# Finally a decent day outside!



## ezlevor (Oct 29, 2012)

I finally got to get outside and enjoy some smokes!

First one of the day









and second one on my friend's porch waiting for meat to come out of his smoker


----------



## jeffmn (Mar 20, 2013)

I can relate to getting out after a long winter being from MN. The weather just started to hit low 50's this week where last year at this time it was gorgeous.

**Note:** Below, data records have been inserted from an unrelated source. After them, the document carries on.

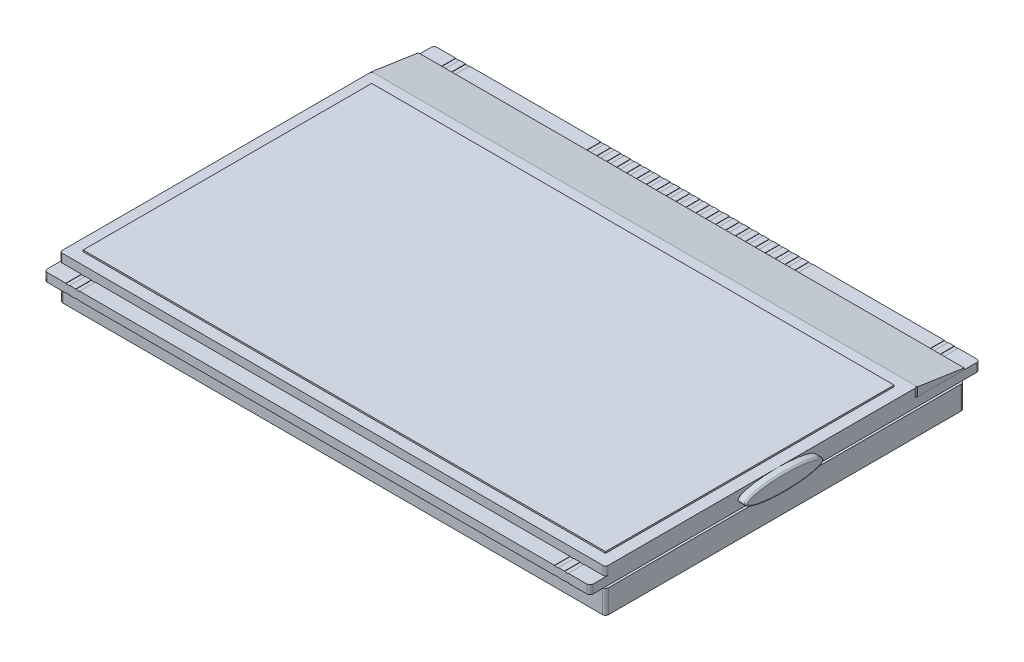
SolidWorks part; units mm, degrees
ref_plane "Front Plane" through (0, 0, 0) normal (0, 0, 1) x (1, 0, 0)
ref_plane "Top Plane" through (0, 0, 0) normal (0, 1, 0) x (1, 0, 0)
ref_plane "Right Plane" through (0, 0, 0) normal (1, 0, 0) x (0, 0, -1)
sketch "Sketch2" plane through (0, 0, 0) normal (0, 1, 0) x (1, 0, 0)
  line L0 (0, 27.3735) -> (0, -35) construction
  line L1 (-35, 27.0253) -> (35, 27.0253)
  line L2 (-35, 27.0253) -> (-35, -22.9747)
  line L3 (-35, -22.9747) -> (35, -22.9747)
  line L4 (35, 27.0253) -> (35, -22.9747)
  line L5 (-33.5, 17.5253) -> (33.5, 17.5253)
  line L6 (-33.5, 17.5253) -> (-33.5, -19.4747)
  line L7 (-33.5, -19.4747) -> (33.5, -19.4747)
  line L8 (33.5, 17.5253) -> (33.5, -19.4747)
  line L9 (-33.5, -19.4747) -> (33.5, -19.4747)
  line L10 (-35, -20.9747) -> (35, -20.9747)
  line L11 (-35, 19.0253) -> (35, 19.0253)
  point P0 (0, 0)
  point P6 (0, 0)
  dimension "D1" = 70
  dimension "D2" = 50
  dimension "D3" = 67
  dimension "D4" = 37
  dimension "D5" = 3.5
  dimension "D6" = 2
  dimension "D7" = 40
extrude "Boss-Extrude1" add sketch "Sketch2" along normal blind 1.1 contours L11 L0 L5 L8 L9 L10 L4 | L0 L11 L2 L10 L7 L6 L5 region at (17.5, 0, -18.4938) region at (-0.5315, 0, -18.2753)
extrude "Boss-Extrude2" add sketch "Sketch2<4>" along normal blind 1.3 separate body contours L0 L5 L6 L7 | L5 L0 L9 L8 region at (16.75, 0, 0.9747) region at (-16.75, 0, 0.9747)
sketch "Sketch2<4>" plane through (0, 0, 0) normal (0, 1, 0) x (1, 0, 0) same geometry as "Sketch2"
extrude "Boss-Extrude3" add sketch "Sketch2<5>" against normal blind 1.1 separate body contours L1 L0 L11 L4 | L0 L1 L2 L11 | L11 L0 L5 L8 L9 L10 L4 | L0 L11 L2 L10 L7 L6 L5 | L5 L0 L9 L8 | L0 L5 L6 L7 | L10 L0 L3 L4 | L0 L10 L2 L3 region at (17.5, 0, -23.0253) region at (-17.5, 0, -23.0253) region at (17.5, 0, -18.4938) region at (-0.5315, 0, -18.2753) region at (16.75, 0, 0.9747) region at (-16.75, 0, 0.9747) region at (-17.5, 0, 21.9747) region at (17.5, 0, 21.9747)
sketch "Sketch2<5>" plane through (0, 0, 0) normal (0, 1, 0) x (1, 0, 0) same geometry as "Sketch2"
sketch "Sketch4" plane through (0, -1.1, 0) normal (0, -1, 0) x (1, 0, 0)
  line L4 (33.5, 19.4747) -> (-33.5, 19.4747)
  line L5 (33.5, -17.5253) -> (33.5, 19.4747)
  line L6 (-33.5, -17.5253) -> (33.5, -17.5253)
  line L7 (-33.5, 19.4747) -> (-33.5, -17.5253)
  line L8 (33.5, 19.4747) -> (-33.5, 19.4747)
  line L9 (33.5, -17.5253) -> (33.5, 19.4747)
  line L10 (-33.5, -17.5253) -> (33.5, -17.5253)
  line L11 (-33.5, 19.4747) -> (-33.5, -17.5253)
  dimension "D1" = 0
extrude "Boss-Extrude4" add sketch "Sketch4" along normal blind 0.3
sketch "Sketch5" plane through (0, -1.4, 0) normal (0, -1, 0) x (1, 0, 0)
  line L0 (-45.4868, 20.9747) -> (47.8611, 20.9747) construction
  line L1 (-45.4868, -25.0253) -> (53.1096, -25.0253) construction
  line L2 (-35, -27.0253) -> (35, -27.0253) construction
  line L3 (-35, 22.9747) -> (35, 22.9747) construction
  line L4 (35, -19.0253) -> (35, -25.0253)
  line L5 (35, -25.0253) -> (-35, -25.0253)
  line L6 (-35, -25.0253) -> (-35, -19.0253)
  line L8 (-35, -19.0253) -> (35, -19.0253)
  line L9 (-35, 20.9747) -> (-35, -19.0253)
  line L10 (35, 20.9747) -> (-35, 20.9747)
  line L11 (35, -19.0253) -> (35, 20.9747)
  line L13 (-35, 20.9747) -> (-35, -19.0253)
  line L14 (35, 20.9747) -> (-35, 20.9747)
  line L15 (35, -19.0253) -> (35, 20.9747)
  dimension "D1" = 2
  dimension "D2" = 2
  dimension "D3" = 0
extrude "Boss-Extrude5" add sketch "Sketch5" along normal blind 3 separate body
fillet "Fillet1" radius 0.3 4 edges at (35, 0.55, 20.9747) (-35, 0.55, 20.9747) (-35, 0.55, -19.0253) (35, 0.55, -19.0253)
fillet "Fillet2" radius 0.4 4 edges at (35, -0.55, 22.9747) (35, -0.55, -27.0253) (-35, -0.55, -27.0253) (-35, -0.55, 22.9747)
fillet "Fillet3" radius 0.4 4 edges at (-35, -2.9, -25.0253) (35, -2.9, -25.0253) (35, -2.9, 20.9747) (-35, -2.9, 20.9747)
sketch "Sketch9" plane through (0, -4.4, 0) normal (0, -1, 0) x (1, 0, 0)
  line L0 (-34.6, -27.0253) -> (34.6, -27.0253) construction
  line L1 (25, -24.0253) -> (24, -24.0253)
  line L2 (25, -24.0253) -> (25, -23.4253)
  line L3 (25, -23.4253) -> (24, -23.4253)
  line L4 (24, -24.0253) -> (24, -23.4253)
  line L5 (25, -24.0253) -> (24, -23.4253) construction
  line L6 (25, -23.4253) -> (24, -24.0253) construction
  line L7 (-34.6, -27.0253) -> (34.6, -27.0253) construction
  line L8 (0, 0) -> (0, -35.522) construction
  line L9 (-25, -23.4253) -> (-24, -24.0253) construction
  line L10 (-25, -24.0253) -> (-24, -23.4253) construction
  line L11 (-24, -24.0253) -> (-24, -23.4253)
  line L12 (-25, -23.4253) -> (-24, -23.4253)
  line L13 (-25, -24.0253) -> (-25, -23.4253)
  line L14 (-25, -24.0253) -> (-24, -24.0253)
  point P0 (24.5, -23.7253)
  point P10 (0, -17.761)
  point P15 (-24.5, -23.7253)
  dimension "D1" = 1
  dimension "D2" = 0.6
  dimension "D3" = 3.3
  dimension "D4" = 24.5
extrude "Boss-Extrude6" add sketch "Sketch9" along normal blind 3 separate body
sketch "Sketch10" plane through (0, 0, 0) normal (0, 1, 0) x (1, 0, 0)
  line L0 (-34.7, -20.9747) -> (34.7, -20.9747) construction
  line L1 (-32.225, -20.9747) -> (-31.725, -20.9747)
  line L2 (-32.225, -20.9747) -> (-32.225, -23.4004)
  line L3 (-32.225, -23.4004) -> (-31.725, -23.4004)
  line L4 (-31.725, -20.9747) -> (-31.725, -23.4004)
  line L5 (-30.945, -20.9747) -> (-30.945, -23.4004)
  line L6 (-30.445, -20.9747) -> (-30.445, -23.4004)
  line L7 (-30.945, -20.9747) -> (-30.445, -20.9747)
  line L8 (-30.945, -23.4004) -> (-30.445, -23.4004)
  line L9 (-34.7, -20.9747) -> (-30.445, -20.9747) construction
  line L10 (-35, 26.6253) -> (-35, -22.5747) construction
  line L11 (0, -25.9549) -> (0, 4.9438) construction
  line L12 (30.445, -22.9747) -> (34.6, -22.9747)
  line L13 (30.945, -23.4004) -> (30.445, -23.4004)
  line L14 (30.945, -20.9747) -> (30.445, -20.9747)
  line L15 (30.445, -20.9747) -> (30.445, -23.4004)
  line L16 (30.945, -20.9747) -> (30.945, -23.4004)
  line L17 (31.725, -20.9747) -> (31.725, -23.4004)
  line L18 (32.225, -23.4004) -> (31.725, -23.4004)
  line L19 (32.225, -20.9747) -> (32.225, -23.4004)
  line L20 (32.225, -20.9747) -> (31.725, -20.9747)
  line L21 (-45.6387, 2.0253) -> (48.5913, 2.0253) construction
  line L22 (30.445, -20.9747) -> (34.7, -20.9747) construction
  line L23 (32.225, 25.0253) -> (31.725, 25.0253)
  line L24 (32.225, 25.0253) -> (32.225, 27.451)
  line L25 (-34.6, -22.9747) -> (34.6, -22.9747)
  line L26 (35, -22.5747) -> (35, 26.6253)
  line L27 (34.6, 27.0253) -> (-34.6, 27.0253)
  line L28 (-35, 26.6253) -> (-35, -22.5747)
  line L29 (-34.6, -22.9747) -> (-30.445, -22.9747)
  line L31 (32.225, 27.451) -> (31.725, 27.451)
  line L33 (31.725, 25.0253) -> (31.725, 27.451)
  line L34 (30.945, 25.0253) -> (30.945, 27.451)
  line L35 (30.445, 25.0253) -> (30.445, 27.451)
  line L36 (30.945, 25.0253) -> (30.445, 25.0253)
  line L37 (30.945, 27.451) -> (30.445, 27.451)
  line L38 (-30.945, 27.451) -> (-30.445, 27.451)
  line L39 (-30.945, 25.0253) -> (-30.445, 25.0253)
  line L40 (-30.445, 25.0253) -> (-30.445, 27.451)
  line L41 (-30.945, 25.0253) -> (-30.945, 27.451)
  line L42 (-31.725, 25.0253) -> (-31.725, 27.451)
  line L43 (-32.225, 27.451) -> (-31.725, 27.451)
  line L44 (-32.225, 25.0253) -> (-32.225, 27.451)
  line L45 (-32.225, 25.0253) -> (-31.725, 25.0253)
  arc A4 (34.6, -22.9747) -> (35, -22.5747) centre (34.6, -22.5747) ccw
  arc A5 (35, 26.6253) -> (34.6, 27.0253) centre (34.6, 26.6253) ccw
  arc A6 (-34.6, 27.0253) -> (-35, 26.6253) centre (-34.6, 26.6253) ccw
  arc A7 (-35, -22.5747) -> (-34.6, -22.9747) centre (-34.6, -22.5747) ccw
  arc A8 (34.6, -22.9747) -> (35, -22.5747) centre (34.6, -22.5747) ccw
  arc A9 (35, 26.6253) -> (34.6, 27.0253) centre (34.6, 26.6253) ccw
  arc A10 (-34.6, 27.0253) -> (-35, 26.6253) centre (-34.6, 26.6253) ccw
  arc A11 (-35, -22.5747) -> (-34.6, -22.9747) centre (-34.6, -22.5747) ccw
  point P4 (-31.975, -23.4004)
  line M6 (-34.6, -22.9747) -> (34.6, -22.9747)
  line M10 (34.6, 27.0253) -> (-34.6, 27.0253)
  dimension "D1" = 0.5
  dimension "D3" = 3.025
  dimension "D4" = 0
  dimension "D2" = 2
extrude "Cut-Extrude2" cut sketch "Sketch10" against normal blind 0.05 contours L19 L20 L17 M6 | L16 L14 L15 M6 | L41 L39 L40 M10 | L44 L45 L42 M10 | L33 L23 L24 M10 | L36 L34 L35 M10 | L5 L8 L6 L7 | L2 L3 L4 L1 region at (30.695, 0, 21.9747) region at (-31.975, 0, -26.0253) region at (31.975, 0, 21.9747) region at (-30.695, 0, -26.0253) region at (30.695, 0, -26.0253) region at (31.975, 0, -26.0253)
sketch "Sketch11" plane through (0, -1.1, 0) normal (0, -1, 0) x (1, 0, 0)
  line L0 (-32.225, 22.9747) -> (-31.725, 22.9747) construction
  line L1 (-31.725, 22.9747) -> (-31.725, 20.9747) construction
  line L2 (-31.725, 20.9747) -> (-32.225, 20.9747) construction
  line L3 (-32.225, 20.9747) -> (-32.225, 22.9747) construction
  line L4 (-30.945, 22.9747) -> (-30.445, 22.9747) construction
  line L5 (-30.445, 22.9747) -> (-30.445, 20.9747) construction
  line L6 (-30.445, 20.9747) -> (-30.945, 20.9747) construction
  line L7 (-30.945, 20.9747) -> (-30.945, 22.9747) construction
  line L8 (-32.225, 22.9747) -> (-31.725, 22.9747)
  line L9 (-31.725, 22.9747) -> (-31.725, 20.9747)
  line L10 (-31.725, 20.9747) -> (-32.225, 20.9747)
  line L11 (-32.225, 20.9747) -> (-32.225, 22.9747)
  line L12 (-30.945, 22.9747) -> (-30.445, 22.9747)
  line L13 (-30.445, 22.9747) -> (-30.445, 20.9747)
  line L14 (-30.445, 20.9747) -> (-30.945, 20.9747)
  line L15 (-30.945, 20.9747) -> (-30.945, 22.9747)
  line L16 (30.445, -25.0253) -> (30.945, -25.0253) construction
  line L17 (30.945, -25.0253) -> (30.945, -27.0253) construction
  line L18 (30.945, -27.0253) -> (30.445, -27.0253) construction
  line L19 (30.445, -27.0253) -> (30.445, -25.0253) construction
  line L20 (31.725, -27.0253) -> (31.725, -25.0253) construction
  line L21 (31.725, -25.0253) -> (32.225, -25.0253) construction
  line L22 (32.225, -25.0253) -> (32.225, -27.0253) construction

Of course its down to the 30's again but warm weather is right around the corner and hope to get out of the garage to smoke.


----------



## Suzza (Mar 18, 2010)

Unfortunately it's raining today but yesterday was beautiful outside and I had me a VSG to celebrate.


----------



## craig61a (Feb 18, 2013)

It's been nice over the past few days here too, and I have taken advantage of the sun and warm weather...


----------



## Smoker LKG (Mar 17, 2013)

It's finally nice over here where I'm at, unfortunately I'm stuck in the office. Just 7 more hours and I'll be free to grab a smoke.


----------



## TheGipper (Jun 13, 2004)

And a good beer choice!


----------



## TonyBrooklyn (Jan 28, 2010)

Beautiful day in NYC hit 73 degrees!


----------



## Smoker LKG (Mar 17, 2013)

TonyBrooklyn said:


> Beautiful day in NYC hit 73 degrees!


I do agree and I was able to enjoy it


----------



## UTKhodgy (Jan 4, 2012)

Had 4 pints with a Fuente Gran Rosado at the Bearden Beer Market


----------



## Nature (Jul 30, 2012)

That's the way to shake off those winter blahs!! I myself am taking advantage of a nice 76 deg day here with my 2nd of the eve cause it drops back down to highs in the 30s and more of that white crap for mid week. Can't it just get nice and stay nice?!


----------



## [OT] Loki (May 24, 2006)

i know what you mean. i'm on cigar #5 today


----------



## Maddcrow (Apr 11, 2013)

Beautiful.


----------



## horseshoe (May 29, 2011)

I'm still waiting....we dropped back down to about -5f this week and still have about 2 1/2 feet of snow in my back yard. This winter just won't end.


----------